- THE PROBLEM:
Locate the string "Continuous" in the records below. Copy every line where it occurs.

- RECORDS:
┄┄┄┄┄┄

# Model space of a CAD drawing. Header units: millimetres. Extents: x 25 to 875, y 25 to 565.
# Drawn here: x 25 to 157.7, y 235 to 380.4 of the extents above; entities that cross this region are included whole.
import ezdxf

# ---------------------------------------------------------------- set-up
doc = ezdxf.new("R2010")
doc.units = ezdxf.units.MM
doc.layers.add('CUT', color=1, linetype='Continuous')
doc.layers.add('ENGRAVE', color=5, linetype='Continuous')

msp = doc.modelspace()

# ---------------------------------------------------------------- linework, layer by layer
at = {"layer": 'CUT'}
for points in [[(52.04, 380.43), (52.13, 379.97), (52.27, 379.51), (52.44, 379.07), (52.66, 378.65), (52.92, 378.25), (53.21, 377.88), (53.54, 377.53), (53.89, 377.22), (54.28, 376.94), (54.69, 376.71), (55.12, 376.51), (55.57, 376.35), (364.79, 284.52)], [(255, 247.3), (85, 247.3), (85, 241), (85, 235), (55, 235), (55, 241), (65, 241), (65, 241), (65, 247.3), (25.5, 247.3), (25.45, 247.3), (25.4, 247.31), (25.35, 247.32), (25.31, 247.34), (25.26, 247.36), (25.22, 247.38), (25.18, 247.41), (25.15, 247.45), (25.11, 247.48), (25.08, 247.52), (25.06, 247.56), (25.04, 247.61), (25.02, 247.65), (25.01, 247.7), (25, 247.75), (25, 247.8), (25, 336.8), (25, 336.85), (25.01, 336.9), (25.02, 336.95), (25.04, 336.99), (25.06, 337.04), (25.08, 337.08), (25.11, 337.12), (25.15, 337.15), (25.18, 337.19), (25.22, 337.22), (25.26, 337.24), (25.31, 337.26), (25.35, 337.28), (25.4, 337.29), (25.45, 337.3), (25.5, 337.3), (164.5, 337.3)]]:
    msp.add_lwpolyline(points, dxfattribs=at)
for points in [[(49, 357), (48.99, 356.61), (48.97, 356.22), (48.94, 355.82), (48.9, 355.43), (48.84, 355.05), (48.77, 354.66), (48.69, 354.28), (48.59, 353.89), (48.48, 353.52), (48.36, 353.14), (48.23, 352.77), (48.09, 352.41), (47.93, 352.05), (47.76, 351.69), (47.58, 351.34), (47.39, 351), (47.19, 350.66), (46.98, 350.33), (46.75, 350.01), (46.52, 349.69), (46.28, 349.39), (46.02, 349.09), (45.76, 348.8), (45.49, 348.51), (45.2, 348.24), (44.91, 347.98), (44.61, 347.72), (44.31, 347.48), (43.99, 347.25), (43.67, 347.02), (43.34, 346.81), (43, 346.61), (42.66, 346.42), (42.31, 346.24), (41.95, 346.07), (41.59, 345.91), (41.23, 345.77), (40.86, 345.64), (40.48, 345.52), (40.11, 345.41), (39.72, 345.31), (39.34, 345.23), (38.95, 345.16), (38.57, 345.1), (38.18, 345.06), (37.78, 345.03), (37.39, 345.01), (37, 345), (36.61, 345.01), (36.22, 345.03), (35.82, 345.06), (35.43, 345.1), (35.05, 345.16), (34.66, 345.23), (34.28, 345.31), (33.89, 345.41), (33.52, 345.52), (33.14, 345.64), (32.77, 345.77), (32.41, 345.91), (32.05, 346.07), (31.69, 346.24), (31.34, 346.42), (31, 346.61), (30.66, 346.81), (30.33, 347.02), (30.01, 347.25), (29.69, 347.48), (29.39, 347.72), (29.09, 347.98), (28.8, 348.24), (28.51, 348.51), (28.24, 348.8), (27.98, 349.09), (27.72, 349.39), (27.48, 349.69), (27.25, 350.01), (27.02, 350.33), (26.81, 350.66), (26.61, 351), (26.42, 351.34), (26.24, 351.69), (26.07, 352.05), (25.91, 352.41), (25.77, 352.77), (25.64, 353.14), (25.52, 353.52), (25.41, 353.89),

┄┄┄┄┄┄

- SOLVED EXERCISE:
doc.layers.add('CUT', color=1, linetype='Continuous')
doc.layers.add('ENGRAVE', color=5, linetype='Continuous')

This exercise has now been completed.